» **Supplied entries**:
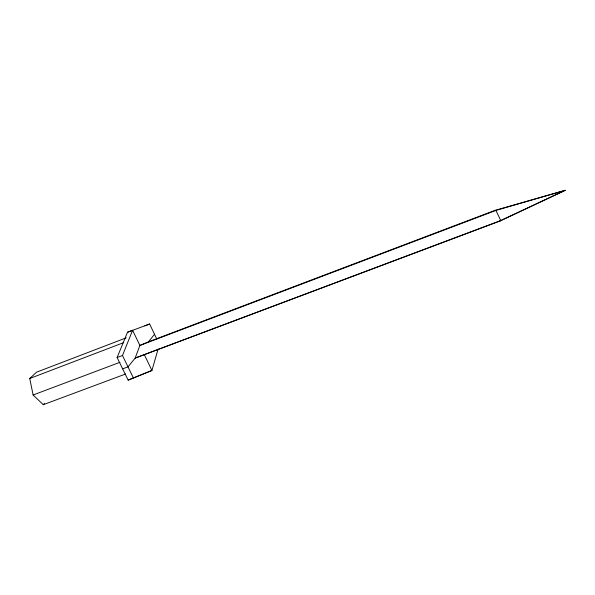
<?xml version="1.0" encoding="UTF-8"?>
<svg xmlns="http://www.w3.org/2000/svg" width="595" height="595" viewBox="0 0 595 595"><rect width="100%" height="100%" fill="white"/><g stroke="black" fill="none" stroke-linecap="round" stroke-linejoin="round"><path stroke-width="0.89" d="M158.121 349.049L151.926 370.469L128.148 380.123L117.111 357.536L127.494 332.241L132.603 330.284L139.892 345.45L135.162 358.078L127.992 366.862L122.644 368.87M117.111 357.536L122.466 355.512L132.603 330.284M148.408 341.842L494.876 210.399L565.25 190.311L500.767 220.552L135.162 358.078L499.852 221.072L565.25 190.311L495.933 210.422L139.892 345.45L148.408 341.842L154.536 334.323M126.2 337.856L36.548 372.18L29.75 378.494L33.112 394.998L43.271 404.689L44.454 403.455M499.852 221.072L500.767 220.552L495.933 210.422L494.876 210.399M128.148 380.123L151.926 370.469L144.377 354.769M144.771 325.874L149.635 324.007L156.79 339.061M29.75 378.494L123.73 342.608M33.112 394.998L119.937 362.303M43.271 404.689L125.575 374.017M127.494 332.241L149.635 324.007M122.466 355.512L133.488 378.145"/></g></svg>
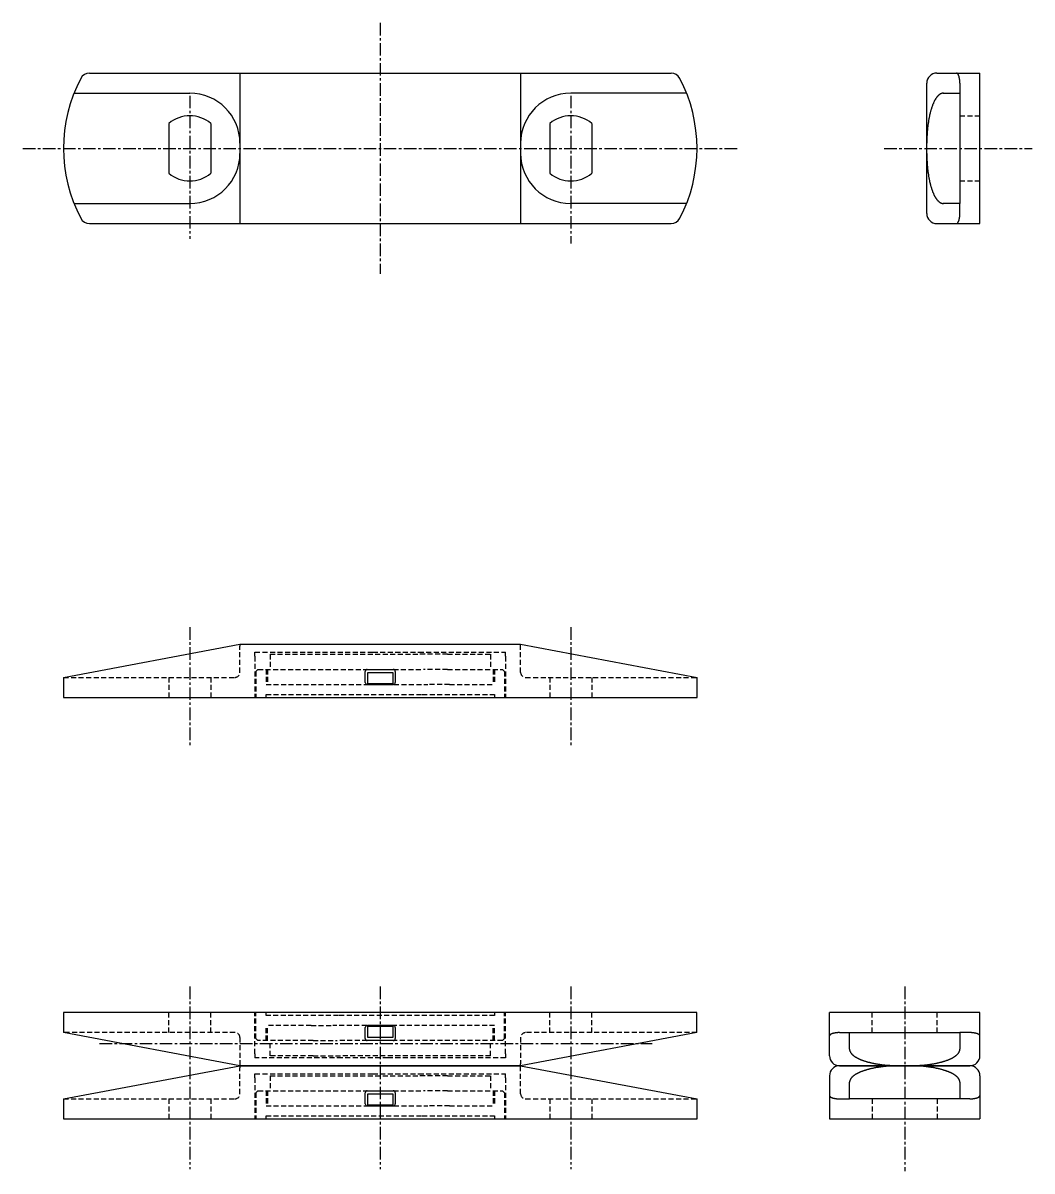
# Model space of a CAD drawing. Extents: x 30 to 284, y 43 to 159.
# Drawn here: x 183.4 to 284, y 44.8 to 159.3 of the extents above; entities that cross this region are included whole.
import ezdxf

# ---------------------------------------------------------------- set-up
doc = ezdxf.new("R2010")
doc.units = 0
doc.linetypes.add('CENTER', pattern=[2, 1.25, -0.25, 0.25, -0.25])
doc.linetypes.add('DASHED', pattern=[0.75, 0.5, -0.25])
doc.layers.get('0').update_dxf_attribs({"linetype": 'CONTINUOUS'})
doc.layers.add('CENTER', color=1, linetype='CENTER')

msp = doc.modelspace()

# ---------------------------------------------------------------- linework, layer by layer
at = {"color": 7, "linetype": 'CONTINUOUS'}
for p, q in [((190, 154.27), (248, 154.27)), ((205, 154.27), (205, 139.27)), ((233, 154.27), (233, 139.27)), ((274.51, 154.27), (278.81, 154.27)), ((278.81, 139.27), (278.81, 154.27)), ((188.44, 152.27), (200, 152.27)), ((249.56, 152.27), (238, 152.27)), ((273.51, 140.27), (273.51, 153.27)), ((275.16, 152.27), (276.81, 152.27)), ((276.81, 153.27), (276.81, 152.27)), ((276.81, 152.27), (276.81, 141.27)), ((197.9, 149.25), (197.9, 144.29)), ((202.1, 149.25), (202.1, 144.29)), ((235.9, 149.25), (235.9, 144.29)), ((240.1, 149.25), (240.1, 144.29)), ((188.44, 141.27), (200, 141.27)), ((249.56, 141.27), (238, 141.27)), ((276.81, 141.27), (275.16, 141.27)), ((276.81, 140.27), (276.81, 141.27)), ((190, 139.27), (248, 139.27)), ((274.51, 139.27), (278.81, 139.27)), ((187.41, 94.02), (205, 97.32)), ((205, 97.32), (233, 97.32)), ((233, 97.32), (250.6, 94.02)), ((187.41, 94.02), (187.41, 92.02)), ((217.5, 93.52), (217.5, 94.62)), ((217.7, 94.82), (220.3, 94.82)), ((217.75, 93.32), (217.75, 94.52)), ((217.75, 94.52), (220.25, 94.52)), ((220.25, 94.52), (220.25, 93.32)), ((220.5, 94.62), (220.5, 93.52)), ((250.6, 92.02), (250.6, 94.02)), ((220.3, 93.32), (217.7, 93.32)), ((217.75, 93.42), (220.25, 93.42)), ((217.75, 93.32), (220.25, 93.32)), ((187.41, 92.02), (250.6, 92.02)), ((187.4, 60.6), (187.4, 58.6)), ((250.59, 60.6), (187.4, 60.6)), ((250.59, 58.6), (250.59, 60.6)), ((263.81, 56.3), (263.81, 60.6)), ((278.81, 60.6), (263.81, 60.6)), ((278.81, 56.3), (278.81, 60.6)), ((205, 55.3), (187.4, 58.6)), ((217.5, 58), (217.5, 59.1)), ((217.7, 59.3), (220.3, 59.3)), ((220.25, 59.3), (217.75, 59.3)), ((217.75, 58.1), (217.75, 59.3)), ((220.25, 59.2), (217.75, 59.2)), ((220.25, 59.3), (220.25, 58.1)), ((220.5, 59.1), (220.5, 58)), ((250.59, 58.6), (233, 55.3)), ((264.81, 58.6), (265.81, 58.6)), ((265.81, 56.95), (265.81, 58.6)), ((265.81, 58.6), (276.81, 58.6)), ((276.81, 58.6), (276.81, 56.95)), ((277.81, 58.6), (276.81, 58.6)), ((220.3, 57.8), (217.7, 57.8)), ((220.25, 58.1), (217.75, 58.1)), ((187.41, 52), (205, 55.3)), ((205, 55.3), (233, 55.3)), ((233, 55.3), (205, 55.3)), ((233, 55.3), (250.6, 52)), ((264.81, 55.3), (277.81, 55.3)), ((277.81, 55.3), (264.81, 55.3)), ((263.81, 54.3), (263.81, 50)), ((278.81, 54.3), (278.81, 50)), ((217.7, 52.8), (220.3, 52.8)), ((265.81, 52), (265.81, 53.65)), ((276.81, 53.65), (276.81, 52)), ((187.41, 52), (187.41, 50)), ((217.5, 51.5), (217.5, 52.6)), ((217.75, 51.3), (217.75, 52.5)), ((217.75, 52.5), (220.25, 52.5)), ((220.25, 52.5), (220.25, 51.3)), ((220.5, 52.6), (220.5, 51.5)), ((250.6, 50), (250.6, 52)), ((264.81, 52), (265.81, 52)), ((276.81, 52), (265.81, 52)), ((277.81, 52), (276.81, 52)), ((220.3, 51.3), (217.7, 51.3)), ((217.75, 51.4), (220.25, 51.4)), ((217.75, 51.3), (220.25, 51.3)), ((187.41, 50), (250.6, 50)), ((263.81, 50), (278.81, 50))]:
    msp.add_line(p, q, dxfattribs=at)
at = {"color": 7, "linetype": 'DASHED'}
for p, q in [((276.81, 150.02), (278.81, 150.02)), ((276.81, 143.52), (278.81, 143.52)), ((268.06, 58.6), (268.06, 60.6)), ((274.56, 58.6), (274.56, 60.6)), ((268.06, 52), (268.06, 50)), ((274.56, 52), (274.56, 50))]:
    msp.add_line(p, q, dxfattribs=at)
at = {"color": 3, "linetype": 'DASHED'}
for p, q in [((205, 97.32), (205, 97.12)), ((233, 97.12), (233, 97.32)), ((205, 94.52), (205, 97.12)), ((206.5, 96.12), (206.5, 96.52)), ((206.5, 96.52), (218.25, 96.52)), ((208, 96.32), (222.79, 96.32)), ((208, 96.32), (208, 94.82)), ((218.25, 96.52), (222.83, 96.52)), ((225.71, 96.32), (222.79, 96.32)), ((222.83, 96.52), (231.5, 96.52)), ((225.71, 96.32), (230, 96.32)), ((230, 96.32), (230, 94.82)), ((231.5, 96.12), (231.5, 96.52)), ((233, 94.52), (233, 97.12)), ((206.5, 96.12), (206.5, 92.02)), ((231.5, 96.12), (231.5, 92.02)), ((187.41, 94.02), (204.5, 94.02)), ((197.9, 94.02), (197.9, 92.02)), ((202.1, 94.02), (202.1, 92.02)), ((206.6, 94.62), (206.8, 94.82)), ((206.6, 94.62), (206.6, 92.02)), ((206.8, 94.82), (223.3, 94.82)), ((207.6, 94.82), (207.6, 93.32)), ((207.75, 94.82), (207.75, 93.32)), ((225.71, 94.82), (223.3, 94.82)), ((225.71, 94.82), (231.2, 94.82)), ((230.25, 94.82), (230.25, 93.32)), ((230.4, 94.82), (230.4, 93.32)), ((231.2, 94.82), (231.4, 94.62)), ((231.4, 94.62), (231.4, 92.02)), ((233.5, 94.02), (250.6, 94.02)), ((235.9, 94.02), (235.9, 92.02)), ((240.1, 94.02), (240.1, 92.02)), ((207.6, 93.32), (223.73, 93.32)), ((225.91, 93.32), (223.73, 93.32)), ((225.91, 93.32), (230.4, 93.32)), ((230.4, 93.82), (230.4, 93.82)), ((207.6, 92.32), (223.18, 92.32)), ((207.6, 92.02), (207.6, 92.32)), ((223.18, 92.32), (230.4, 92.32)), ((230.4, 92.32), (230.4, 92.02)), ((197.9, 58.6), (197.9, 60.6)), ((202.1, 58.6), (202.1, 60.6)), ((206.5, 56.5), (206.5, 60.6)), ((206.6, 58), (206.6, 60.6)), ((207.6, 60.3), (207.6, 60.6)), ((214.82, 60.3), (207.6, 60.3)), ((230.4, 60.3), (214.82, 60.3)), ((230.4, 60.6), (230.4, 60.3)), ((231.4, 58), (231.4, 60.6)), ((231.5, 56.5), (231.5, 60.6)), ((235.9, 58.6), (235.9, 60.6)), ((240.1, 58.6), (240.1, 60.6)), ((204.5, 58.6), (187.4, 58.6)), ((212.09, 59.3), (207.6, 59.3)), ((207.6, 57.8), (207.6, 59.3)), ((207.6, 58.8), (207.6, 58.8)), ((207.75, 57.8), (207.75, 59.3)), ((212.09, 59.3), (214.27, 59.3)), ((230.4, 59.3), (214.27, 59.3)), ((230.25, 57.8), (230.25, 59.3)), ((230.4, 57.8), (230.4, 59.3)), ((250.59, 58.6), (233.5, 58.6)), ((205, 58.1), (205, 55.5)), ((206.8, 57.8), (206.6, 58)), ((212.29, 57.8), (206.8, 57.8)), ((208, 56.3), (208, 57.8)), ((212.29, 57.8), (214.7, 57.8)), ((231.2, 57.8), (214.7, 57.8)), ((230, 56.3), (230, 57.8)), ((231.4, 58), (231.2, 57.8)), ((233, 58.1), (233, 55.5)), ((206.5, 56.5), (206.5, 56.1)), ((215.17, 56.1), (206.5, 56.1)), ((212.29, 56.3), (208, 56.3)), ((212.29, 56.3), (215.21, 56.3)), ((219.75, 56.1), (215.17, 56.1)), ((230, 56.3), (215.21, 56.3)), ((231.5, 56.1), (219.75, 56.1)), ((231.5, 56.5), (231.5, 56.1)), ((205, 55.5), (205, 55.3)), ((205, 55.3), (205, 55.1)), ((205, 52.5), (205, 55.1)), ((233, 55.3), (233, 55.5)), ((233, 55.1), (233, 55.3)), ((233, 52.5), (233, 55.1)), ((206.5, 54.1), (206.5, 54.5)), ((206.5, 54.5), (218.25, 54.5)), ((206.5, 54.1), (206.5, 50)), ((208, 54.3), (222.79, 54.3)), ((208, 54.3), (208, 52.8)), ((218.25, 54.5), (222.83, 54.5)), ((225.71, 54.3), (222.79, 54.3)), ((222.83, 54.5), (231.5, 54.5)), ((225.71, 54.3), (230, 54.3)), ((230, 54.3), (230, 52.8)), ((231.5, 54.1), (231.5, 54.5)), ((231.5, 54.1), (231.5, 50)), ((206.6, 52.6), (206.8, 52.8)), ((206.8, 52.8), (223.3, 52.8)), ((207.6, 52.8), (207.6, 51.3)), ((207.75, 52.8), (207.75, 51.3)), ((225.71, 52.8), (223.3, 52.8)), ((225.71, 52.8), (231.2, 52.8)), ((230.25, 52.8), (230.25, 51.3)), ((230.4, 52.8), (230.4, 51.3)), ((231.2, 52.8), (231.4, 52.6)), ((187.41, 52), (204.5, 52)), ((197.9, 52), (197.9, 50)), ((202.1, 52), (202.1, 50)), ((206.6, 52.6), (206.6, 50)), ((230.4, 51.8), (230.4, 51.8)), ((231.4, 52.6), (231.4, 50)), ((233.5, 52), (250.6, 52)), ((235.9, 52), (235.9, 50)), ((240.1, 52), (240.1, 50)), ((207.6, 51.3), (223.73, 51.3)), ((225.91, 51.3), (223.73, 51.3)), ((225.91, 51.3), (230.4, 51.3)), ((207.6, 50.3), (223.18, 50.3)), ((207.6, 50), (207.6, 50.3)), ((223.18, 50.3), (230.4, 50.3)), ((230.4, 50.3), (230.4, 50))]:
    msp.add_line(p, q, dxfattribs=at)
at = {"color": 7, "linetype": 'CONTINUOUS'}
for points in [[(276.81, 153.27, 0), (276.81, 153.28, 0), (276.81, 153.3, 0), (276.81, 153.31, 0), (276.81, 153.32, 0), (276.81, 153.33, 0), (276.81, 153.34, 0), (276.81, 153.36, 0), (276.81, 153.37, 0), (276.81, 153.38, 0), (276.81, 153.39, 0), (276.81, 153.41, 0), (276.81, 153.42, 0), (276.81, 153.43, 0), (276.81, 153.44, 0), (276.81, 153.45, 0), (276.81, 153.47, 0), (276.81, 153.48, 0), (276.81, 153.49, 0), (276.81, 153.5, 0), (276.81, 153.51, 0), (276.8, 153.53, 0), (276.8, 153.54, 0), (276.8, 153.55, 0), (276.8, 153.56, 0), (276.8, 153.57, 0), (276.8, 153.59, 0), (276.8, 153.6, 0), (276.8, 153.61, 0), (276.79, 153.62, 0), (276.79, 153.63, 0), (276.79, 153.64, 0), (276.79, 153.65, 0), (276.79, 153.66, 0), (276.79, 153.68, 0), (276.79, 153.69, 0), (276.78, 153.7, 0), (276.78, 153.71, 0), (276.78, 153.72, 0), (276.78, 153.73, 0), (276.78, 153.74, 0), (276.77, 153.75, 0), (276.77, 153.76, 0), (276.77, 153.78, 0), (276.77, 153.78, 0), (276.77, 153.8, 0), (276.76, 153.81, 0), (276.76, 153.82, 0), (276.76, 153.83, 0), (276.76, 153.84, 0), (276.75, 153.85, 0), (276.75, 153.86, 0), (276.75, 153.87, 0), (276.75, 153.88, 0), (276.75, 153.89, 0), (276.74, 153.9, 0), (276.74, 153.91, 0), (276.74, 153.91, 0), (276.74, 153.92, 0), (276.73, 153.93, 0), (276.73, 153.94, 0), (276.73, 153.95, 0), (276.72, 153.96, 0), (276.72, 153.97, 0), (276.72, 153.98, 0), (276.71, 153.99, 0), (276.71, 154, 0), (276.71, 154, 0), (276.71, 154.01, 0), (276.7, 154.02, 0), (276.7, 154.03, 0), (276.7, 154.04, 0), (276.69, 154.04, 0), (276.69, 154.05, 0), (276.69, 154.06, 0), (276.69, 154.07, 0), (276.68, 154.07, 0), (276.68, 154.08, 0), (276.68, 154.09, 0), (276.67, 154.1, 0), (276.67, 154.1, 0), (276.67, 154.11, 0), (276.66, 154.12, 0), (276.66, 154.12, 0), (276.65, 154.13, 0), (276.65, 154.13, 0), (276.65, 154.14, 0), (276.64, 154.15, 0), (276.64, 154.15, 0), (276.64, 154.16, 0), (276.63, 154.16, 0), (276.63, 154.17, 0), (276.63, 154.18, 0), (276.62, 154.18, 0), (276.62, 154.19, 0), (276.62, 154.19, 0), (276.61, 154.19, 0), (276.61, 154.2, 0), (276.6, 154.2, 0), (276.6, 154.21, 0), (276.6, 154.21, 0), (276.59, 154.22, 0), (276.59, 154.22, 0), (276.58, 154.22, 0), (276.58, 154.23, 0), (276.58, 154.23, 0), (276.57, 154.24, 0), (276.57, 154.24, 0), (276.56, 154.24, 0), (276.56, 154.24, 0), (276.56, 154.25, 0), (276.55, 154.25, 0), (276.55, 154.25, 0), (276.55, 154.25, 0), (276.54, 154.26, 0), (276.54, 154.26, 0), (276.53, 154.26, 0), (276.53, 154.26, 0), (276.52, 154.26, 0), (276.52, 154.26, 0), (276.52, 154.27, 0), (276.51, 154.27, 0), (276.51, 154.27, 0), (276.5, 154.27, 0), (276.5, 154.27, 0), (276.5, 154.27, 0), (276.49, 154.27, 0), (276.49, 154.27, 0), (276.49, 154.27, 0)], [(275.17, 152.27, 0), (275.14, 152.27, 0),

» **Task item**:
Return, from the material above, every line with the word "color".

» **Answer box**:
doc.layers.add('CENTER', color=1, linetype='CENTER')
at = {"color": 7, "linetype": 'CONTINUOUS'}
at = {"color": 7, "linetype": 'DASHED'}
at = {"color": 3, "linetype": 'DASHED'}
at = {"color": 7, "linetype": 'CONTINUOUS'}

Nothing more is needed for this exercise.